Work instructions :: Filtering the records below, copy only those lines that include the word "dimension".

Top of Data for review

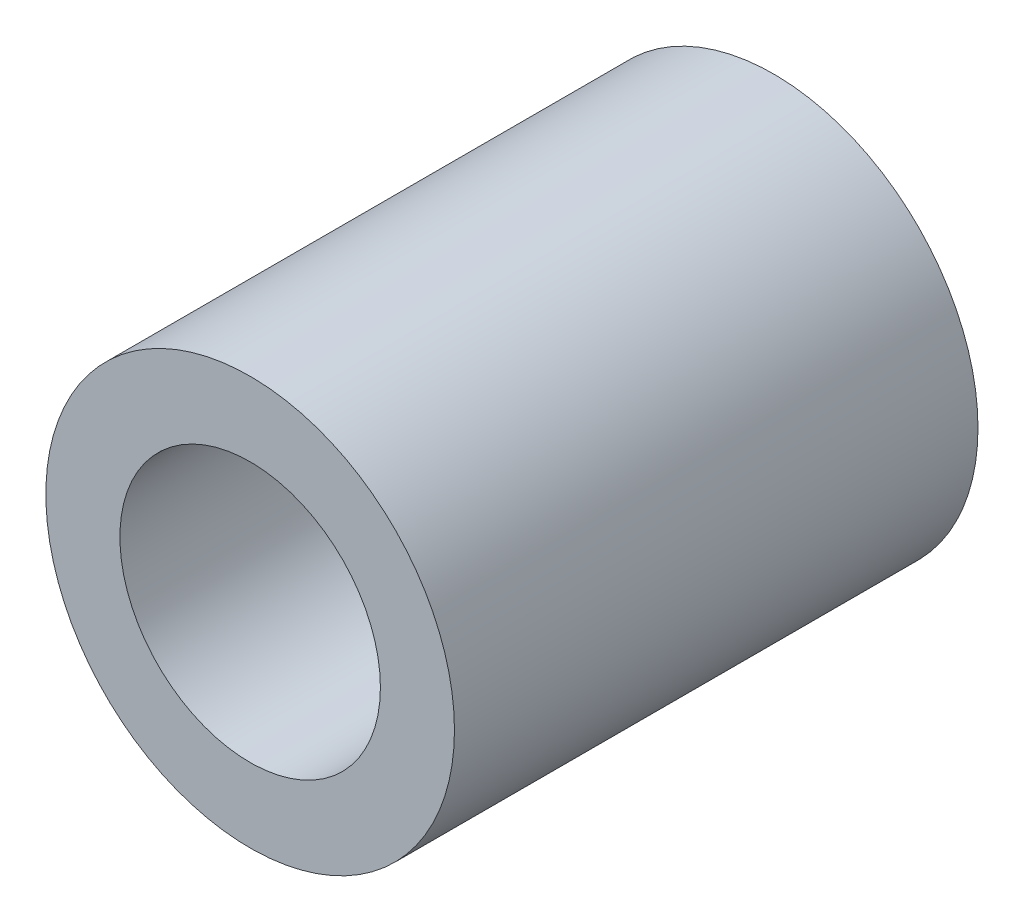
SolidWorks part; units mm, degrees
ref_plane "Front Plane" through (0, 0, 0) normal (0, 0, 1) x (1, 0, 0)
ref_plane "Top Plane" through (0, 0, 0) normal (0, 1, 0) x (1, 0, 0)
ref_plane "Right Plane" through (0, 0, 0) normal (1, 0, 0) x (0, 0, -1)
sketch "Sketch1" plane through (0, 0, 0) normal (0, 0, 1) x (1, 0, 0)
  circle A0 centre (0, 0) radius 8
  dimension "D1" = 16
extrude "Boss-Extrude1" add sketch "Sketch1" along normal blind 20.5
sketch "Sketch2" plane through (0, 0, 20.5) normal (0, 0, 1) x (1, 0, 0)
  circle A0 centre (0, 0) radius 5.1
  circle A1 centre (0, 0) radius 8 construction
  dimension "D1" = 2.9
extrude "Cut-Extrude1" cut sketch "Sketch2" against normal blind 13
sketch "Sketch3" plane through (0, 0, 0) normal (0, 0, -1) x (-1, 0, 0)
  line L0 (-0.9487, 1.35) -> (0.9487, 1.35)
  arc A0 (-0.9487, 1.35) -> (0.9487, 1.35) centre (0, 0) ccw
  dimension "D1" = 3.3
  dimension "D2" = 1.35
extrude "Cut-Extrude2" cut sketch "Sketch3" against normal through all
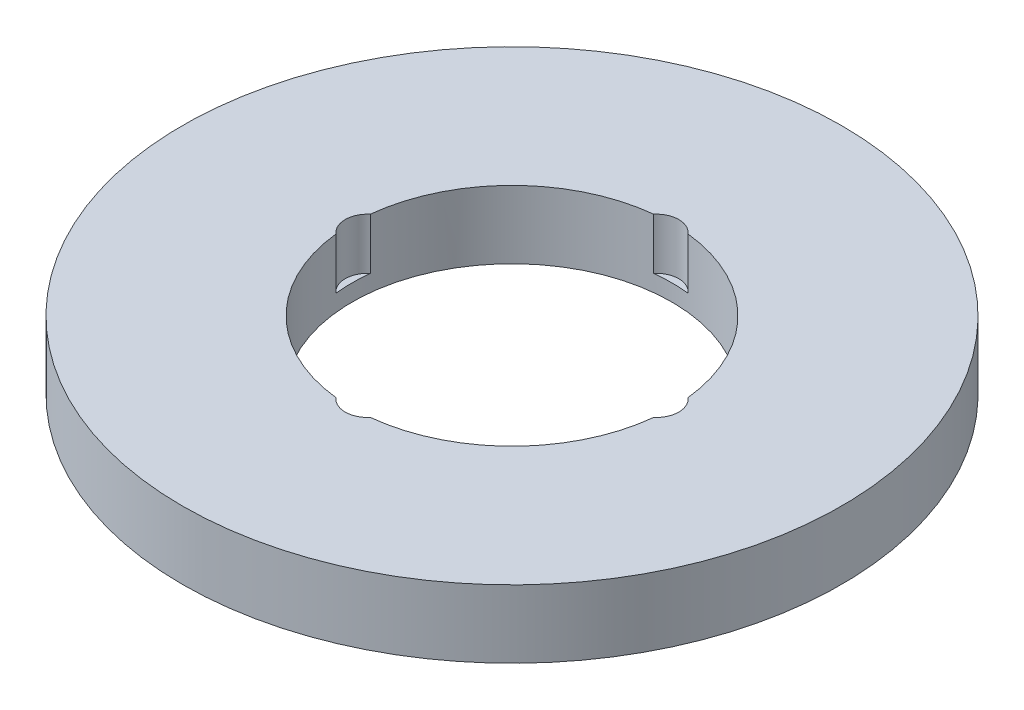
SolidWorks part; units mm, degrees
ref_plane "Front Plane" through (0, 0, 0) normal (0, 0, 1) x (1, 0, 0)
ref_plane "Top Plane" through (0, 0, 0) normal (0, 1, 0) x (1, 0, 0)
ref_plane "Right Plane" through (0, 0, 0) normal (1, 0, 0) x (0, 0, -1)
sketch "Sketch1" plane through (0, 0, 0) normal (0, 1, 0) x (1, 0, 0)
  circle A0 centre (0, 0) radius 82.5
  dimension "FLANGE_OD" = 165
extrude "Boss-Extrude1" add sketch "Sketch1" along normal blind 17
sketch "Sketch2" plane through (0, 0, 0) normal (0, 1, 0) x (1, 0, 0)
  circle A0 centre (0, 0) radius 40
  dimension "BORE_D" = 80
extrude "Cut-Extrude1" cut sketch "Sketch2" along normal through all
sketch "Sketch3" plane through (0, 17, 0) normal (0, 1, 0) x (1, 0, 0)
  circle A0 centre (0, 0) radius 36.0983 construction
  circle A1 centre (-36.0983, 0) radius 5.6525
  dimension "BOLT_D" = 11.305
  dimension "BOLT_PCD" = 72.1966
extrude "Cut-Extrude2" cut sketch "Sketch3" against normal blind 12.8392
pattern_circular "CirPattern1" count 4 over 360 about axis through (0, 0, 0) along (0, 1, 0) of "Cut-Extrude2"

Bottom of Data for review

Answer space ::
  dimension "D1" = 16
  dimension "D1" = 2.9
  dimension "D1" = 3.3
  dimension "D2" = 1.35
  dimension "FLANGE_OD" = 165
  dimension "BORE_D" = 80
  dimension "BOLT_D" = 11.305
  dimension "BOLT_PCD" = 72.1966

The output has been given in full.